Днем пекло солнце, с моря дул свежий ветер, а по ночам Сильви, непотревоженная, лежала на непривычно жесткой кровати. На обед она покупала пирожки с мясом, жареный картофель и слойки с яблоками, расстилала на песке коврик, и они перекусывали, прислоняясь к скале. На пляже можно было снять хижину, и это помогало решить щекотливую проблему дневного кормления грудью. Иногда Бриджет и Сильви сбрасывали обувь и смело трогали воду пальцами ног, а иногда просто сидели с книжками под огромным тентом. Сильви читала Конрада, а Бриджет, забывшая прихватить какой-нибудь из своих любимых готических романов, не расставалась с «Джейн Эйр», которую дала ей Сильви. Бриджет оказалась весьма отзывчивой читательницей: она то и дело ахала от страха, содрогалась от негодования и расплывалась от восторга. На этом фоне «Тайный агент» выглядел сухим чтивом.

Выросшая вдали от побережья, Бриджет все время допытывалась, что сейчас происходит на море: прилив или отлив; до нее, похоже, не доходило, что это вполне предсказуемо.

– Время каждый день меняется, – терпеливо объясняла ей Сильви.

– Это еще почему? – не унималась озадаченная Бриджет.

– Как тебе сказать… – Сильви тоже понятия не имела. – А почему бы и нет? – резко заключила она.



Дети возвращались с рыбалки: они всласть повозились с сачками у оставленных приливом лужиц в дальнем конце пляжа. На полпути Памела с Урсулой замешкались, шлепая по воде, а Морис перешел на бег, домчался до Сильви и плюхнулся рядом с ней, подняв целую песчаную бурю. Одной рукой он держал за клешню небольшого краба, и Бриджет в ужасе завопила.

– Пирожки с мясом есть? – спросил Морис.

– Что за манеры, Морис, – упрекнула Сильви.

С наступлением осени его планировалось отправить в школу-пансион. Для Сильви это было бы облегчением.



– Иди сюда, будем перепрыгивать через волны, – распорядилась Памела.

Памела вечно командовала, но не обидно, и Урсула почти всегда с охотой откликалась на ее затеи, а если даже без особой охоты, то все равно не спорила. Мимо них по пляжу прокатился обруч, будто принесенный ветром, и Урсула собралась побежать следом, чтобы вернуть его владелице, но Памела воспротивилась:

– Нет, идем прыгать.

И они, бросив сачки на песок, устремились навстречу приливу. Вот загадка: при любой жаре вода оставалась ледяной. Сестры, по обыкновению, кричали и визжали, прежде чем взяться за руки и встретить стихию. Но волны, как назло, оказались совсем низкими – просто рябь с пенным кружевом. Тогда девочки зашли поглубже.

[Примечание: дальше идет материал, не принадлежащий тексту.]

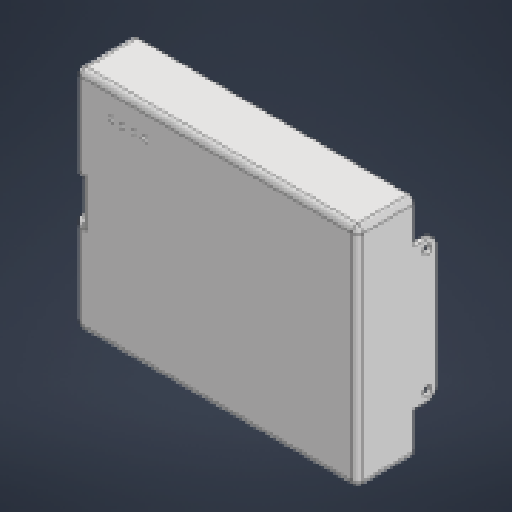
# Autodesk Inventor part: top case
Saved by Autodesk Inventor 2026.2 (Build 302298010, 298A)
## iProperties
Created: 2026-03-29
Part Number: top case
Material: 一般
Document SubType Name: Modeling
Designer: gavin
Density: 1 g/cm^3
Appearance: 預設
Author: gavin
## iProperties of the stored document top case_3D 列印.ipt
Created: 2026-03-29
Part Number: top case_3D 列印
Material: 一般
Document SubType Name: Modeling
Designer: gavin
Density: 1 g/cm^3
Appearance: 預設
Author: gavin
Autodesk Inventor part; units mm, degrees
ref_plane "YZ Plane" through (0, 0, 0) normal (1, 0, 0) x (0, 1, 0)
sketch "草圖1" plane through (0, 0, 0) normal (0, 0, 1) x (1, 0, 0)
  line L0 (4.375, 77) -> (-95.625, 77) projected
  line L1 (-95.625, 77) -> (-95.625, -3) projected
  line L2 (-95.625, -3) -> (4.375, -3) projected
  line L3 (4.375, -3) -> (4.375, 77) projected
  line L4 (-91.25, 74) -> (0, 74) projected
  line L5 (0, 0) -> (0, 74) projected
  line L6 (0, 0) -> (-91.25, 0) projected
  line L7 (-91.25, 0) -> (-91.25, 74) projected
extrude "擠出1" add sketch "草圖1" along normal blind 15.5
sketch "草圖2" plane through (0, 0, 15.5) normal (0, 0, 1) x (1, 0, 0)
  line L0 (-95.625, 77) -> (-95.625, -3) projected
  line L1 (-95.625, -3) -> (4.375, -3) projected
  line L2 (4.375, -3) -> (4.375, 77) projected
  line L3 (4.375, 77) -> (-95.625, 77) projected
  line L4 (0, 0) -> (-91.25, 0) projected
  line L5 (-91.25, 0) -> (-91.25, 74) projected
  line L6 (-91.25, 74) -> (0, 74) projected
  line L7 (0, 74) -> (0, 0) projected
extrude "擠出2" add sketch "草圖2" along normal blind 3 contours L3 L2 L1 L0 | L4 L5 L6 L7
sketch "草圖3" plane through (-95.625, -3, 0) normal (-1, 0, 0) x (0, 0, 1)
  line L0 (0, 3) -> (0, 77) projected
  line L1 (0, 77) -> (15.5, 77) projected
  line L2 (15.5, 3) -> (15.5, 77) projected
  line L3 (0, 3) -> (15.5, 3) projected
  line L4 (15.5, 77) -> (15.5, 3) projected
  line L5 (15.5, 65) -> (9.2, 65)
  line L6 (9.2, 65) -> (9.2, 15)
  line L7 (9.2, 15) -> (15.5, 15)
  line L8 (15.5, 15) -> (15.5, 65)
  point P0 (9.2, 40)
  point P1 (15.5, 40)
  point P2 (15.5, 15)
  point P3 (15.5, 65)
  dimension "d4" = 6.3
  dimension "d5" = 50
  constraints: 8 end point, 2 midpoint, 2 parallel, 1 horizontal, 1 horizontal alignment, 1 perpendicular, 1 point on line
  measures "d4" distance of L7.end L6.end
  measures "d5" distance of L6.end L5.end
extrude "擠出3" cut sketch "草圖3" against normal blind 15.5 contours L7 L6 L5 L2
ref_plane "工作平面1" through (-91.25, 4.5, 11.3) normal (0, 0, 1) x (1, 0, 0)
sketch "草圖4" plane through (0, 0, 15.5) normal (0, 0, -1) x (-1, 0, 0)
  line L0 (92.75, 4.5) -> (60.45, 4.5) construction
  line L1 (92.75, 12.38) -> (92.75, 4.5) construction
  line L2 (92.75, 12.38) -> (93.45, 12.38) construction
  line L3 (93.45, 25.41) -> (93.45, 12.38) construction
  line L4 (92.75, 25.41) -> (93.45, 25.41) construction
  line L5 (92.75, 48.59) -> (92.75, 25.41) construction
  line L6 (92.75, 48.59) -> (93.45, 48.59) construction
  line L7 (93.45, 61.62) -> (93.45, 48.59) construction
  line L8 (92.75, 61.62) -> (93.45, 61.62) construction
  line L9 (92.75, 69.5) -> (92.75, 61.62) construction
  line L10 (60.45, 69.5) -> (92.75, 69.5) construction
  line L11 (60.45, 4.5) -> (60.45, 69.5) construction
  circle A0 centre (89.75, 66.5) radius 1.5 projected
  circle A1 centre (63.45, 66.5) radius 1.5 projected
  circle A2 centre (89.75, 7.5) radius 1.5 projected
  circle A3 centre (63.45, 7.5) radius 1.5 projected
  circle A4 centre (89.75, 66.5) radius 4.165
  circle A5 centre (63.45, 66.5) radius 4.165
  circle A6 centre (63.45, 7.5) radius 4.165
  circle A7 centre (89.75, 7.5) radius 4.165
  circle A8 centre (63.45, 7.5) radius 2.165
  circle A9 centre (89.75, 7.5) radius 2.165
  circle A10 centre (89.75, 66.5) radius 2.165
  circle A11 centre (63.45, 66.5) radius 2.165
  point P0 (0, 0)
  dimension "d18" = 4.33
  dimension "d19" = 4.33
  dimension "d20" = 4.33
  dimension "d21" = 4.33
  dimension "d22" = 2
  dimension "d23" = 2
  dimension "d24" = 2
  dimension "d25" = 2
  constraints: 8 centre point, 4 coincident
  measures "d18" diameter of A8
  measures "d19" diameter of A9
  measures "d20" diameter of A10
  measures "d21" diameter of A11
  measures "d22" radial gap between concentric circles of A6 A8
  measures "d23" radial gap between concentric circles of A7 A9
  measures "d24" radial gap between concentric circles of A4 A10
  measures "d25" radial gap between concentric circles of A11 A5
extrude "擠出4" add sketch "草圖4" along normal up to surface (4.2 mm away) contours A4 | A5 | A6 | A7
sketch "草圖5" plane through (-95.625, -3, 0) normal (-1, 0, 0) x (0, 0, 1)
  line L0 (11.3, 51.59) -> (9.7, 51.59) construction
  line L1 (9.7, 51.59) -> (9.7, 28.41) construction
  line L2 (9.7, 28.41) -> (11.3, 28.41) construction
  line L3 (11.3, 37.13) -> (11.3, 28.41) construction
  arc A0 (11.3, 37.13) -> (14.5, 37.13) centre (12.9, 37.13) ccw construction
  line L4 (14.5, 37.13) -> (14.5, 42.87) construction
  arc A1 (14.5, 42.87) -> (11.3, 42.87) centre (12.9, 42.87) ccw construction
  line L5 (11.3, 51.59) -> (11.3, 42.87) construction
  line L6 (11.3, 42.87) -> (11.3, 37.13) construction
  circle A2 centre (12.9, 37.13) radius 2.6
  circle A3 centre (12.9, 42.87) radius 2.6
  line L7 (15.5, 65) -> (15.5, 15) projected
  line L8 (10.3, 42.87) -> (10.3, 37.13)
  line L9 (15.5, 65) -> (15.5, 15) projected
  line L10 (15.5, 15) -> (9.2, 15) projected
  line L11 (9.2, 15) -> (9.2, 65) projected
  line L12 (9.2, 65) -> (15.5, 65) projected
  line L13 (0, 80) -> (0, 0) projected
  line L14 (0, 0) -> (18.5, 0) projected
  line L15 (18.5, 80) -> (18.5, 0) projected
  line L16 (0, 80) -> (18.5, 80) projected
  line L17 (9.7, 51.59) -> (15.4, 51.59) projected
  line L18 (15.4, 28.41) -> (9.7, 28.41) projected
  line L19 (15.5, 51.21) -> (9.2, 51.21)
  line L20 (15.5, 28.79) -> (9.2, 28.79)
  point P0 (0, 3)
  point P1 (15.5, 37.13)
  point P2 (15.5, 42.87)
  dimension "d14" = 0.38
  dimension "d15" = 0.38
  constraints: 8 end point, 4 point on line, 3 vertical, 2 coincident, 1 collinear, 1 parallel, 1 perpendicular, 1 tangent, 6 other
  measures "d14" distance between parallel lines of L17 L19
  measures "d15" distance between parallel lines of L18 L20
extrude "擠出5" add sketch "草圖5" against normal up to surface (4.375 mm away) contours L7 L20 L11 L19 A3 L8 A2
sketch "草圖6" plane through (0, 0, 0) normal (0, 0, -1) x (-1, 0, 0)
  line L0 (95.625, 77) -> (95.625, -3) projected
  line L1 (-4.375, 77) -> (95.625, 77) projected
  line L2 (-4.375, -3) -> (-4.375, 77) projected
  line L3 (95.625, -3) -> (-4.375, -3) projected
  line L4 (0, 0) -> (91.25, 0) projected
  line L5 (0, 74) -> (0, 0) projected
  line L6 (91.25, 74) -> (0, 74) projected
  line L7 (91.25, 0) -> (91.25, 74) projected
  line L8 (-2.875, 75.5) -> (94.125, 75.5)
  line L9 (94.125, 75.5) -> (94.125, -1.5)
  line L10 (94.125, -1.5) -> (-2.875, -1.5)
  line L11 (-2.875, -1.5) -> (-2.875, 75.5)
  dimension "d26" = 1.5
  constraints: 8 end point, 3 other
  measures "d26" distance between parallel lines of L2 L11
extrude "擠出6" add sketch "草圖6" along normal blind 1.5 contours L0 L3 L2 L1
sketch "草圖7" plane through (-95.625, -3, 18.5) normal (-1, 0, 0) x (0, 0, 1)
  line L0 (-9.3, 51.21) -> (-9.3, 65) projected
  line L1 (-9.3, 65) -> (-3, 65) projected
  line L2 (-3, 65) -> (-3, 51.21) projected
  line L3 (-3, 51.21) -> (-9.3, 51.21) projected
  line L4 (-9.3, 28.79) -> (-3, 28.79) projected
  line L5 (-3, 28.79) -> (-3, 15) projected
  line L6 (-3, 15) -> (-9.3, 15) projected
  line L7 (-9.3, 15) -> (-9.3, 28.79) projected
  arc A0 (-8.2, 37.13) -> (-3, 37.13) centre (-5.6, 37.13) ccw projected
  line L8 (-8.2, 37.13) -> (-8.2, 42.87) projected
  arc A1 (-3, 42.87) -> (-8.2, 42.87) centre (-5.6, 42.87) ccw projected
  line L9 (-3, 42.87) -> (-3, 37.13) projected
  line L10 (-20, 0) -> (0, 0) projected
  line L11 (0, 80) -> (0, 0) projected
  line L12 (0, 80) -> (-20, 80) projected
  line L13 (-20, 0) -> (-20, 80) projected
  line L14 (-20, 65) -> (-24.7, 65)
  line L15 (-28, 61.7) -> (-28, 18.3)
  line L16 (-24.7, 15) -> (-20, 15)
  line L17 (-20, 15) -> (-20, 65)
  circle A2 centre (-24.7, 61.7) radius 1.65
  circle A3 centre (-24.7, 18.3) radius 1.65
  arc A4 (-24.7, 65) -> (-28, 61.7) centre (-24.7, 61.7) ccw
  arc A5 (-28, 18.3) -> (-24.7, 15) centre (-24.7, 18.3) ccw
  point P0 (-18.5, 3)
  point P1 (-28, 15)
  point P2 (-28, 65)
  point P3 (-28, 40)
  point P4 (-20, 40)
  dimension "d29" = 8
  dimension "d30" = 50
  dimension "d31" = 3.3
  dimension "d32" = 3.3
  dimension "d33" = 3.3
  dimension "d34" = 3.3
  dimension "d35" = 3.3
  dimension "d36" = 3.3
  dimension "d37" = 3.3
  constraints: 8 end point, 5 point on line, 4 centre point, 4 point on circle, 4 tangent, 2 midpoint, 2 parallel, 1 equal radius, 1 horizontal, 1 horizontal alignment, 1 perpendicular
  measures "d29" distance of L16.end point (-28, 15)
  measures "d30" distance of point (-28, 65) point (-28, 15)
  measures "d31" diameter of A2
  measures "d32" diameter of A3
  measures "d33" distance from line of L14 A2.centre
  measures "d34" distance from line of L15 A2.centre
  measures "d35" distance from line of L15 A3.centre
  measures "d36" distance from line of L16 A3.centre
  measures "d37" radius of A4
extrude "擠出7" add sketch "草圖7" against normal blind 1.5 contours L16 A5 L15 A4 L14 L13
ref_plane "工作平面2" through (-45.625, -3, 18.5) normal (-1, 0, 0) x (0, 0, 1)
mirror "鏡射1" about plane through (-45.625, -3, 18.5) normal (-1, 0, 0) of "擠出7"
sketch "草圖9" plane through (-91.25, 0, 0) normal (0, 1, 0) x (1, 0, 0)
  circle A0 centre (8.35, -12.89) radius 0.95 projected
  line L0 (10.35, -14.89) -> (6.35, -14.89)
  line L1 (6.35, -14.89) -> (6.35, -10.89)
  line L2 (6.35, -10.89) -> (10.35, -10.89)
  line L3 (10.35, -10.89) -> (10.35, -14.89)
  line L4 (10.35, -14.89) -> (6.35, -10.89) construction
  line L5 (6.35, -14.89) -> (10.35, -10.89) construction
  line L6 (10.35, -10.89) -> (21.35, -10.89)
  line L7 (21.35, -10.89) -> (21.35, -14.89)
  line L8 (21.35, -14.89) -> (10.35, -14.89)
  line L9 (10.35, -14.89) -> (10.35, -10.89)
  circle A1 centre (8.35, -12.89) radius 0.95 projected
  line L10 (10.35, -14.89) -> (6.35, -14.89)
  line L11 (6.35, -14.89) -> (6.35, -10.89)
  line L12 (6.35, -10.89) -> (10.35, -10.89)
  line L13 (10.35, -10.89) -> (10.35, -14.89)
  line L14 (10.35, -14.89) -> (6.35, -10.89) construction
  line L15 (6.35, -14.89) -> (10.35, -10.89) construction
  point P0 (91.25, 0)
  dimension "d43" = 4
  dimension "d44" = 4
  dimension "d45" = 11
  dimension "d46" = 4
  dimension "d78" = 4
  constraints: 32 end point, 6 parallel, 4 midpoint, 3 horizontal, 3 perpendicular
  measures "d43" distance of L1.end L2.end
  measures "d44" distance of L0.end L1.end
  measures "d45" distance of L7.end L8.end
  measures "d46" distance of L6.end L7.end
  measures "d78" distance of L11.end L12.end
extrude "擠出9" cut sketch "草圖9" against normal through all contours A0 | L0 L1 L2 L3 | L3 L6 L7 L8
fillet "圓角2" radius 2 7 edges at (-95.625, 77, 8.5) (-45.625, 77, 18.5) (-95.625, -3, 8.5) (-45.625, -3, 18.5) (4.375, 37, 18.5) (4.375, -3, 8.5) (4.375, 77, 8.5)
sketch "草圖13" plane through (0, 0, 0) normal (0, 0, -1) x (-1, 0, 0)
  line L0 (-2.875, 75.5) -> (-2.875, -1.5) projected
  line L1 (-2.875, -1.5) -> (94.125, -1.5) projected
  line L2 (94.125, -1.5) -> (94.125, 75.5) projected
  line L3 (94.125, 75.5) -> (-2.875, 75.5) projected
  line L4 (0, 0) -> (91.25, 0) projected
  line L5 (0, 74) -> (0, 0) projected
  line L6 (91.25, 74) -> (0, 74) projected
  line L7 (91.25, 0) -> (91.25, 74) projected
  arc A0 (91.25, 68.0612) -> (91.25, 64.9388) centre (89.75, 66.5) ccw projected
  arc A1 (91.25, 9.0612) -> (91.25, 5.9388) centre (89.75, 7.5) ccw projected
  line L8 (91.25, 74) -> (92.75, 74)
  line L9 (92.75, 74) -> (92.75, 0)
  line L10 (92.75, 0) -> (91.25, 0)
  line L11 (91.25, 0) -> (91.25, 74)
  dimension "d58" = 1.5
  constraints: 8 end point, 2 parallel, 1 horizontal, 1 perpendicular
  measures "d58" distance of L9.end L10.end
extrude "擠出12" cut sketch "草圖13" against normal up to surface (15.5 mm away) contours L7 L8 L9 L10
sketch "草圖14" plane through (-89.75, 66.5, 11.3) normal (0, 0, -1) x (-1, 0, 0)
  line L0 (1.5, 3.8855) -> (1.5, 1.5612) projected
  arc A0 (1.5, 3.8855) -> (1.5, -3.8855) centre (0, 0) ccw projected
  line L1 (1.5, -1.5612) -> (1.5, -3.8855) projected
  arc A1 (1.5, 1.5612) -> (1.5, -1.5612) centre (0, 0) ccw projected
  line L2 (1.5, -60.5612) -> (1.5, -62.8855) projected
  arc A2 (1.5, -57.4388) -> (1.5, -60.5612) centre (0, -59) ccw projected
  line L3 (1.5, -55.1145) -> (1.5, -57.4388) projected
  arc A3 (1.5, -55.1145) -> (1.5, -62.8855) centre (0, -59) ccw projected
  circle A4 centre (0, -59) radius 2.165
  circle A5 centre (0, -59) radius 4.165
  circle A6 centre (0, 0) radius 2.165
  circle A7 centre (0, 0) radius 4.165
  point P0 (-89.75, -66.5)
  constraints: 4 coincident, 12 other
extrude "擠出13" add sketch "草圖14" against normal up to surface (4.2 mm away) contours A7 L1 A6 L0 | A4 L3 A5 L2
sketch "草圖15" plane through (-95.625, 15.3, -9.5) normal (-1, 0, 0) x (0, 0, 1)
  line L0 (28, -16.3) -> (8, -16.3) projected
  line L1 (28, 59.7) -> (28, -16.3) projected
  line L2 (8, 59.7) -> (28, 59.7) projected
  line L3 (8, 46.7) -> (8, 59.7) projected
  line L4 (8, 46.7) -> (3.3, 46.7) projected
  arc A0 (3.3, 46.7) -> (0, 43.4) centre (3.3, 43.4) ccw projected
  line L5 (0, 43.4) -> (0, 0) projected
  arc A1 (0, 0) -> (3.3, -3.3) centre (3.3, 0) ccw projected
  line L6 (3.3, -3.3) -> (8, -3.3) projected
  line L7 (8, -16.3) -> (8, -3.3) projected
  arc A2 (19.8, 18.83) -> (25, 18.83) centre (22.4, 18.83) ccw projected
  line L8 (19.8, 18.83) -> (19.8, 24.57) projected
  arc A3 (25, 24.57) -> (19.8, 24.57) centre (22.4, 24.57) ccw projected
  line L9 (25, 24.57) -> (25, 18.83) projected
  line L10 (18.7, 10.49) -> (25, 10.49) projected
  line L11 (25, 10.49) -> (25, -3.3) projected
  line L12 (25, -3.3) -> (18.7, -3.3) projected
  line L13 (18.7, -3.3) -> (18.7, 10.49) projected
  line L14 (18.7, 32.91) -> (18.7, 46.7) projected
  line L15 (18.7, 46.7) -> (25, 46.7) projected
  line L16 (25, 46.7) -> (25, 32.91) projected
  line L17 (25, 32.91) -> (18.7, 32.91) projected
  circle A4 centre (3.3, 0) radius 1.65 projected
  circle A5 centre (3.3, 43.4) radius 1.65 projected
  line L18 (28, 28.27) -> (18.7, 28.27)
  line L19 (18.7, 28.27) -> (18.7, 15.13)
  line L20 (18.7, 15.13) -> (28, 15.13)
  line L21 (28, 15.13) -> (28, 28.27)
  point P0 (9.5, -15.3)
  point P1 (18.7, 21.7)
  point P2 (28, 15.13)
  dimension "d63" = 1.1
  dimension "d64" = 3.7
  dimension "d65" = 2.6
  dimension "d66" = 3.7
  constraints: 8 end point, 2 parallel, 1 horizontal, 1 midpoint, 1 perpendicular, 1 point on line, 1 vertical alignment
  measures "d63" distance between parallel lines of L19 L8
  measures "d64" distance from line of L20 A2.centre
  measures "d65" radius of A2
  measures "d66" distance from line of L18 A3.centre
extrude "擠出14" cut sketch "草圖15" against normal blind 1.875 contours L20 L19 L18 L1
fillet "圓角3" radius 2 7 edges at (-95.0392, 76.4142, 17.9142) (-95.625, 59.285, 18.5) (-93.75, 37, 18.5) (-94.6875, 30.43, 18.5) (-95.0392, -2.4142, 17.9142) (-95.625, 14.715, 18.5) (-94.6875, 43.57, 18.5)
sketch "草圖16" plane through (0, 0, 18.5) normal (0, 0, 1) x (1, 0, 0)
  line L0 (-79.51, 67.7) -> (-78.51, 67.7) projected
  line L1 (-78.51, 67.7) -> (-78.51, 66.7) projected
  line L2 (-78.51, 66.7) -> (-79.51, 66.7) projected
  line L3 (-79.51, 66.7) -> (-79.51, 67.7) projected
  line L4 (-75.51, 66.7) -> (-75.51, 67.7) projected
  line L5 (-75.51, 67.7) -> (-74.51, 67.7) projected
  line L6 (-74.51, 67.7) -> (-74.51, 66.7) projected
  line L7 (-74.51, 66.7) -> (-75.51, 66.7) projected
  line L8 (-83.51, 67.7) -> (-82.51, 67.7) projected
  line L9 (-82.51, 67.7) -> (-82.51, 66.7) projected
  line L10 (-82.51, 66.7) -> (-83.51, 66.7) projected
  line L11 (-83.51, 66.7) -> (-83.51, 67.7) projected
  line L12 (-71.51, 67.7) -> (-70.51, 67.7) projected
  line L13 (-70.51, 67.7) -> (-70.51, 66.7) projected
  line L14 (-70.51, 66.7) -> (-71.51, 66.7) projected
  line L15 (-71.51, 66.7) -> (-71.51, 67.7) projected
  circle A0 centre (-63.45, 7.5) radius 1.5 projected
  circle A1 centre (-89.75, 7.5) radius 1.5 projected
  circle A2 centre (-63.45, 66.5) radius 1.5 projected
  circle A3 centre (-89.75, 66.5) radius 1.5 projected
  line L16 (-85.25, 4.5) -> (-85.25, 7.9) projected
  line L17 (-85.25, 7.9) -> (-80.55, 7.9) projected
  line L18 (-80.55, 7.9) -> (-80.55, 4.5) projected
  line L19 (-80.55, 4.5) -> (-60.45, 4.5) projected
  line L20 (-60.45, 4.5) -> (-60.45, 69.5) projected
  line L21 (-60.45, 69.5) -> (-92.75, 69.5) projected
  line L22 (-92.75, 69.5) -> (-92.75, 61.62) projected
  line L23 (-92.75, 61.62) -> (-82.65, 61.62) projected
  line L24 (-82.65, 61.62) -> (-82.65, 48.59) projected
  line L25 (-82.65, 48.59) -> (-92.75, 48.59) projected
  line L26 (-92.75, 48.59) -> (-92.75, 39.87) projected
  line L27 (-92.75, 39.87) -> (-85.35, 39.87) projected
  line L28 (-85.35, 39.87) -> (-85.35, 34.13) projected
  line L29 (-92.75, 34.13) -> (-85.35, 34.13) projected
  line L30 (-92.75, 34.13) -> (-92.75, 25.41) projected
  line L31 (-92.75, 25.41) -> (-82.65, 25.41) projected
  line L32 (-82.65, 25.41) -> (-82.65, 12.38) projected
  line L33 (-82.65, 12.38) -> (-92.75, 12.38) projected
  line L34 (-92.75, 12.38) -> (-92.75, 4.5) projected
  line L35 (-92.75, 4.5) -> (-85.25, 4.5) projected
  circle A4 centre (-71.01, 67.2) radius 1
  circle A5 centre (-75.01, 67.2) radius 1
  circle A6 centre (-79.01, 67.2) radius 1
  circle A7 centre (-83.01, 67.2) radius 1
  point P0 (0, 0)
  dimension "d70" = 2
  dimension "d71" = 2
  dimension "d72" = 2
  dimension "d73" = 2
  constraints: 4 centre point
  measures "d70" diameter of A4
  measures "d71" diameter of A5
  measures "d72" diameter of A6
  measures "d73" diameter of A7
extrude "擠出15" cut sketch "草圖16" against normal up to surface (3 mm away) contours L0 L1 L2 L3 | L4 L5 L6 L7 | L8 L9 L10 L11 | L12 L13 L14 L15 | A4 | A5 | A6 | A7
sketch "草圖17" plane through (0, 0, 15.5) normal (0, 0, -1) x (-1, 0, 0)
  circle A0 centre (63.45, 66.5) radius 2.165 projected
  circle A1 centre (89.75, 66.5) radius 1.5 projected
  circle A2 centre (89.75, 66.5) radius 2.165 projected
  circle A3 centre (63.45, 7.5) radius 2.165 projected
  circle A4 centre (89.75, 7.5) radius 2.165 projected
  point P0 (0, 0)
extrude "擠出16" cut sketch "草圖17" against normal blind 1.5 contours A0 | A1 | A2 | A3 | A4
equation "\"d34\" = d33"
equation "\"d35\" = d34"
equation "\"d36\" = d33"
equation "\"d64\" = d65 + d63"
equation "\"d66\" = d64"

Там и вовсе не было волн; море просто вздымалось, подталкивало их кверху и тянуло за собой. Урсула каждый раз крепко цеплялась за руку Памелы. Вода уже доходила ей до пояса. Памела двигалась все дальше, как резная фигурка над водорезом корабля. Вода уже дошла Урсуле до подмышек; она расплакалась и стала тянуть сестру за руку, чтобы остановить.

– Не дергай, а то мы из-за тебя упадем. – Памела обернулась к сестренке и потому не увидела огромную волну, стремительно приближавшуюся к ним.

В мгновенье ока волна накрыла обеих, оторвав их от твердого дна, словно пару невесомых листков.

Урсула чувствовала, как ее затягивает все глубже и глубже, увлекает в открытое море, откуда уже не видно берега. Она перебирала ножками, ища опору. Если бы только она могла нащупать дно, встать и сразиться с волнами, но дна не было, и она уже стала захлебываться, в панике дергаясь всем телом. Должен же кто-то прийти на помощь? Ее непременно должна спасти либо Бриджет, либо Сильви. Или Памела… но где она?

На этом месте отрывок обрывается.